Stored items
● ● ● ● ●

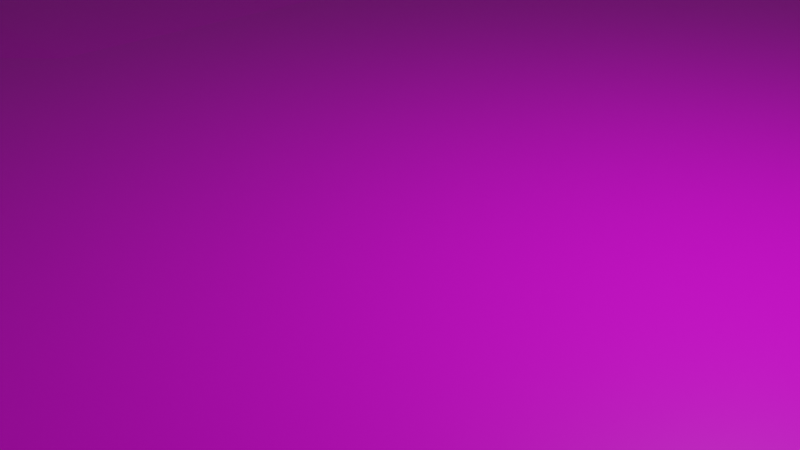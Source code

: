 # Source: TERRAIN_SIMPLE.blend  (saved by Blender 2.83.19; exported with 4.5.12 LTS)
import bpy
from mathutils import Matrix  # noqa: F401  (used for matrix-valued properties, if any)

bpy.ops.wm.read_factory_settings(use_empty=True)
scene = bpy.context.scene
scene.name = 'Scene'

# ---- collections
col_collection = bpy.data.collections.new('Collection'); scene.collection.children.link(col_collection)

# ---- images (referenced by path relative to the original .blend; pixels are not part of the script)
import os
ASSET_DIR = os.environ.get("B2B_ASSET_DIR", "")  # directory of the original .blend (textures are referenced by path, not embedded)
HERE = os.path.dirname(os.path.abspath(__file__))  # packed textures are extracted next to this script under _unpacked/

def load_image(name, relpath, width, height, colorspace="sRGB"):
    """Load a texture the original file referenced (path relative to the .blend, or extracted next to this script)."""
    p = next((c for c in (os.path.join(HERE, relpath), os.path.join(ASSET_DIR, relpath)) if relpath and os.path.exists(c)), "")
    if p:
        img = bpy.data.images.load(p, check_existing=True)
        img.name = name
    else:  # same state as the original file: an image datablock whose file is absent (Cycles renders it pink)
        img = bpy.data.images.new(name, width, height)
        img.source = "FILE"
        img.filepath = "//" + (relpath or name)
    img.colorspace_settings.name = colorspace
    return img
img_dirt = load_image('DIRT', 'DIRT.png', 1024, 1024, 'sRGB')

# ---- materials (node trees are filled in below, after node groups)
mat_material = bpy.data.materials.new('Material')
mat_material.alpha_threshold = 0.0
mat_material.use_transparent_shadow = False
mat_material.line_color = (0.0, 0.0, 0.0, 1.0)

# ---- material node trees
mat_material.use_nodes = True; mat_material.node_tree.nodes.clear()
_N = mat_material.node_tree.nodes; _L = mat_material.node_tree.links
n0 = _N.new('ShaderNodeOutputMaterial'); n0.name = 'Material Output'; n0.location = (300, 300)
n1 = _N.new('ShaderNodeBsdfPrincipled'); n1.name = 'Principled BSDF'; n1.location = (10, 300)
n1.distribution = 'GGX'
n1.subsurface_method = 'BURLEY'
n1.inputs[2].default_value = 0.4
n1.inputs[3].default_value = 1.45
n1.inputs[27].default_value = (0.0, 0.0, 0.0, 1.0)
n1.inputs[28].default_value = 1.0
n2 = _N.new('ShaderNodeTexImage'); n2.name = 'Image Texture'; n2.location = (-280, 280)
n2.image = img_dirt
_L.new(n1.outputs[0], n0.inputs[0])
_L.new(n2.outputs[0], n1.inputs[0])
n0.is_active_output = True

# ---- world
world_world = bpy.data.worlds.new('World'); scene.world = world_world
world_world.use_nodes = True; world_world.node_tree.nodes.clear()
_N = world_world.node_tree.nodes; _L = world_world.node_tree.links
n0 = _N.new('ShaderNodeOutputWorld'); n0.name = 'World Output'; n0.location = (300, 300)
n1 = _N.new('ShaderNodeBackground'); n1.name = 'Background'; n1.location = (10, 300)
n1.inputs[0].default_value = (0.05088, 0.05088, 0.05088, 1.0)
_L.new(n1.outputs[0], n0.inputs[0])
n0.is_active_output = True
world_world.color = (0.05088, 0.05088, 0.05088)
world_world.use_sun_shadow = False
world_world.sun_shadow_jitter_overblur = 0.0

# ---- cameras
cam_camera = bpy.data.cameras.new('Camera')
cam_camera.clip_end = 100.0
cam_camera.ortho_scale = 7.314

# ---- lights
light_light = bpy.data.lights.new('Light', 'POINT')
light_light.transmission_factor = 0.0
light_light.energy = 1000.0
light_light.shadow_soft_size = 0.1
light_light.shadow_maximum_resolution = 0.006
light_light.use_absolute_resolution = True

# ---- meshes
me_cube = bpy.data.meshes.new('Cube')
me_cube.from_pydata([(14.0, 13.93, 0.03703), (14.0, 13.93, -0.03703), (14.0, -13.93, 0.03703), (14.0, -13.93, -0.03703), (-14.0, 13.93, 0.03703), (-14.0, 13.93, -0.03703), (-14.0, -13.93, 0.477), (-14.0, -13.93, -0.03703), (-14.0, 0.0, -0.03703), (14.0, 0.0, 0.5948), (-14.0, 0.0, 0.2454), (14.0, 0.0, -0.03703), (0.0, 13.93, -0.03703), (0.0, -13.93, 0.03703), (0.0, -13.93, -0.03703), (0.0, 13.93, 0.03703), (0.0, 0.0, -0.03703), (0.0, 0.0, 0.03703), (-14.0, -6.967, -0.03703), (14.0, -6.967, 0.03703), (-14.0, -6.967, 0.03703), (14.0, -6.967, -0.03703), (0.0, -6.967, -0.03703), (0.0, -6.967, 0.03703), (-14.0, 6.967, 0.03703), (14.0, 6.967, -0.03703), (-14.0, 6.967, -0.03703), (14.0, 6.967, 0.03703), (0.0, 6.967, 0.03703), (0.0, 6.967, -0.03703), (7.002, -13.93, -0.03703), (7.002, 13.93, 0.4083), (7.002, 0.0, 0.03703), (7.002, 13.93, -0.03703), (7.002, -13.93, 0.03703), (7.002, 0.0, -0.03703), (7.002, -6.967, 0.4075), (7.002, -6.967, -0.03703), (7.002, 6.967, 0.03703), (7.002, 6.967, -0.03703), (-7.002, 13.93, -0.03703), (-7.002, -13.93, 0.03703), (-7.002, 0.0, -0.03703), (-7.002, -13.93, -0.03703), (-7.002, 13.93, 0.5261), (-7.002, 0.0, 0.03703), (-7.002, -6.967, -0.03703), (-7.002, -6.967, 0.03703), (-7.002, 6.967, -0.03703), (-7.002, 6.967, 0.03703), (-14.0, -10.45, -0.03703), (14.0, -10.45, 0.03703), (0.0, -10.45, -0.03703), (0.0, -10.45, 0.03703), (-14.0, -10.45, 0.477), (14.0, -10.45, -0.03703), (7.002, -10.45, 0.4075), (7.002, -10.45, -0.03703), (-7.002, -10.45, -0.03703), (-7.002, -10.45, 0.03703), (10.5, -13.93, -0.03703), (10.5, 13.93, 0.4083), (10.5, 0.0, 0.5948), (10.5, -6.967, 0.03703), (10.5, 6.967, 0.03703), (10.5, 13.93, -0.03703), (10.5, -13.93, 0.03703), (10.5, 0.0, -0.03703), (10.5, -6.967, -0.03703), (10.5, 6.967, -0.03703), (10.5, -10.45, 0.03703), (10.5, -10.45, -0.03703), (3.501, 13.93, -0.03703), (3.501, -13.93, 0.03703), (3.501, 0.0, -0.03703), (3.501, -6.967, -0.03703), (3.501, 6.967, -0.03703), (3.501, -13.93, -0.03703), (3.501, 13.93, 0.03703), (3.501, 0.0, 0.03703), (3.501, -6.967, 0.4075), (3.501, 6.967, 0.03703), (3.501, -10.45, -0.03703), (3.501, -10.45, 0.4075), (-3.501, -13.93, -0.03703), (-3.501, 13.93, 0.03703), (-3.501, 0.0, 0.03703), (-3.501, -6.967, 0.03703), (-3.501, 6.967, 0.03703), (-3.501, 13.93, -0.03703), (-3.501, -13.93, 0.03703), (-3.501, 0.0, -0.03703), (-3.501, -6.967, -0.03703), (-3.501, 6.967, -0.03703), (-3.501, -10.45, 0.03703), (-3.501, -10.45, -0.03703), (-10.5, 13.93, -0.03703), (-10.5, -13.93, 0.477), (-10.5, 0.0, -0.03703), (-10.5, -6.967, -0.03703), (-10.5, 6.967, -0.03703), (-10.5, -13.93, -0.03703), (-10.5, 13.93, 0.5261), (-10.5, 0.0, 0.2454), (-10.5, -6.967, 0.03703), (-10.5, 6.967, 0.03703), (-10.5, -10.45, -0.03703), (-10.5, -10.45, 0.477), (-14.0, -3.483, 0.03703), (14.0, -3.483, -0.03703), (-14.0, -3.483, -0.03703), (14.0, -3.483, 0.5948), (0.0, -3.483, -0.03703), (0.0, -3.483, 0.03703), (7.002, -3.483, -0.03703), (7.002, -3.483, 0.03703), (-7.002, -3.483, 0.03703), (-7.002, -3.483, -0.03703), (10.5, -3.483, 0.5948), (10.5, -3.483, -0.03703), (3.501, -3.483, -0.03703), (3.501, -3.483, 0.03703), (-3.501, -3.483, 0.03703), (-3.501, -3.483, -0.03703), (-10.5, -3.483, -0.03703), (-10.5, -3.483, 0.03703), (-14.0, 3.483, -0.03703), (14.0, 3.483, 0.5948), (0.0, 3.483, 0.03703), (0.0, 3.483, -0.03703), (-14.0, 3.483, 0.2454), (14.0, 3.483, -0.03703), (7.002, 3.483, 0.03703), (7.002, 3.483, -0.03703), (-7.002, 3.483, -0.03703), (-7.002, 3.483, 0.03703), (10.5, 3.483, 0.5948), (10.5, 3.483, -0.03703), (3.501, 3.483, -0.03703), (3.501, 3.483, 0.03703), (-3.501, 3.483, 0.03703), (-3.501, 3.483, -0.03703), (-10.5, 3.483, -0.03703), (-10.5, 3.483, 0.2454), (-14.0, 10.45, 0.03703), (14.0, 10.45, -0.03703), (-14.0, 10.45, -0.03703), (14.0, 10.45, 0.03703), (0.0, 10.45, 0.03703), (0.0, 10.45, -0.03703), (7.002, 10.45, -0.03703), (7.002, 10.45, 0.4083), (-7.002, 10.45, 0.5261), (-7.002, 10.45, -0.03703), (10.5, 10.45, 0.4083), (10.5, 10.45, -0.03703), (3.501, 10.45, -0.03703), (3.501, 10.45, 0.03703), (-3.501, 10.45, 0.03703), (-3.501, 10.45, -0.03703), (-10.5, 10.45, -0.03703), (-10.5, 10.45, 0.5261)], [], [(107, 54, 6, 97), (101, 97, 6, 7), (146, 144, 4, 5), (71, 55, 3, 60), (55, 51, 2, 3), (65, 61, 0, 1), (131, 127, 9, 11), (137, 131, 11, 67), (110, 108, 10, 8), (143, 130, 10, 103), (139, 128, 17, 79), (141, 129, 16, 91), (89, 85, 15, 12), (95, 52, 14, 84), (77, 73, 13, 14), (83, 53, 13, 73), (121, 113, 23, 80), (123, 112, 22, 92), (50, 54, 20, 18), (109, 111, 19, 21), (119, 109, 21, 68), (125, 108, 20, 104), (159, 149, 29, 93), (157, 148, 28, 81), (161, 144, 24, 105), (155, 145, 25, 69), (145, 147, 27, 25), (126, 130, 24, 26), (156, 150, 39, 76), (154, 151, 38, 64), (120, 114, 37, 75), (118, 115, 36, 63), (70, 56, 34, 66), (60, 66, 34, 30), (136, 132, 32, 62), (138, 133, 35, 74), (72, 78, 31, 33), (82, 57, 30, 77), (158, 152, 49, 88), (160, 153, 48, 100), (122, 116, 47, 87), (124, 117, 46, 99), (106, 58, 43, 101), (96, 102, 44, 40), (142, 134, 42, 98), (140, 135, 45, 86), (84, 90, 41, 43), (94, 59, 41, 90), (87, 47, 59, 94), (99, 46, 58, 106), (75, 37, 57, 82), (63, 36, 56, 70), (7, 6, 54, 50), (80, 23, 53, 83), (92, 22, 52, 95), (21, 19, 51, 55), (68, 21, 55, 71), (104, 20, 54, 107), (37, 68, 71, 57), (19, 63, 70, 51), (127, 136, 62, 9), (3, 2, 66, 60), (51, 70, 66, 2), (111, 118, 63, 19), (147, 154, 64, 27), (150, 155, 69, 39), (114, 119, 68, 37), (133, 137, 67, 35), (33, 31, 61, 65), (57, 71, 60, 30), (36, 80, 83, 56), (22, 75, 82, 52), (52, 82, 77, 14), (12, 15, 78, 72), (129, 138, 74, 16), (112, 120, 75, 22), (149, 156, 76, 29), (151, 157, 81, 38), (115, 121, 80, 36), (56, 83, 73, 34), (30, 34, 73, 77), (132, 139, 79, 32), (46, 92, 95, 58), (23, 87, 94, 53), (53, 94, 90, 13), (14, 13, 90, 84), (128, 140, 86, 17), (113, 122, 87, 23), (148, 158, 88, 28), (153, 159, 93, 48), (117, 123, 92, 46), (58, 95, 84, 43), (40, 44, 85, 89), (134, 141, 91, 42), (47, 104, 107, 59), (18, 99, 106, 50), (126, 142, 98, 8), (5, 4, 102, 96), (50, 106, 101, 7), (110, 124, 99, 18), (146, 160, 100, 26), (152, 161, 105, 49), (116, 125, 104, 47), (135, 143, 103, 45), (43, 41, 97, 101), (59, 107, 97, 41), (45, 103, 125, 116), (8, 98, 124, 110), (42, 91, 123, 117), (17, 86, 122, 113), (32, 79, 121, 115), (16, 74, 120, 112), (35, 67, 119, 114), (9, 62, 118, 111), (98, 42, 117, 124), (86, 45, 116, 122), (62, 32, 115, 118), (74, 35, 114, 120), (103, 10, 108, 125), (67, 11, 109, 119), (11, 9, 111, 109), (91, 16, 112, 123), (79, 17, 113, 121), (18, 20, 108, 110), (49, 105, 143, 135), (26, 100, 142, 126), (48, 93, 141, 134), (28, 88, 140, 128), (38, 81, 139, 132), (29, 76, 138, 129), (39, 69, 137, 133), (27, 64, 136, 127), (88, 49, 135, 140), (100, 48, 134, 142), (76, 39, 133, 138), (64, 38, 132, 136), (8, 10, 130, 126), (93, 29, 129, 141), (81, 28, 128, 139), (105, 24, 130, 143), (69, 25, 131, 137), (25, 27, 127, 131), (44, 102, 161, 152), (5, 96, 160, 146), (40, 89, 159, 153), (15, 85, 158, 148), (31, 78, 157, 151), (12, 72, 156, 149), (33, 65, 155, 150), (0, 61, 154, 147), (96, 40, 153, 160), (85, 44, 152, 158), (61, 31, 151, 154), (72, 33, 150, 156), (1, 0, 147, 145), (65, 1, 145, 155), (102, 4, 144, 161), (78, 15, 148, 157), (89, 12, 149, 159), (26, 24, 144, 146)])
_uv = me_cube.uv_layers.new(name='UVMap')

● ● ● ● ●

= Task goal =
From the records given above, copy all lines containing "clear".

= Result of this exercise =
mat_material.use_nodes = True; mat_material.node_tree.nodes.clear()
world_world.use_nodes = True; world_world.node_tree.nodes.clear()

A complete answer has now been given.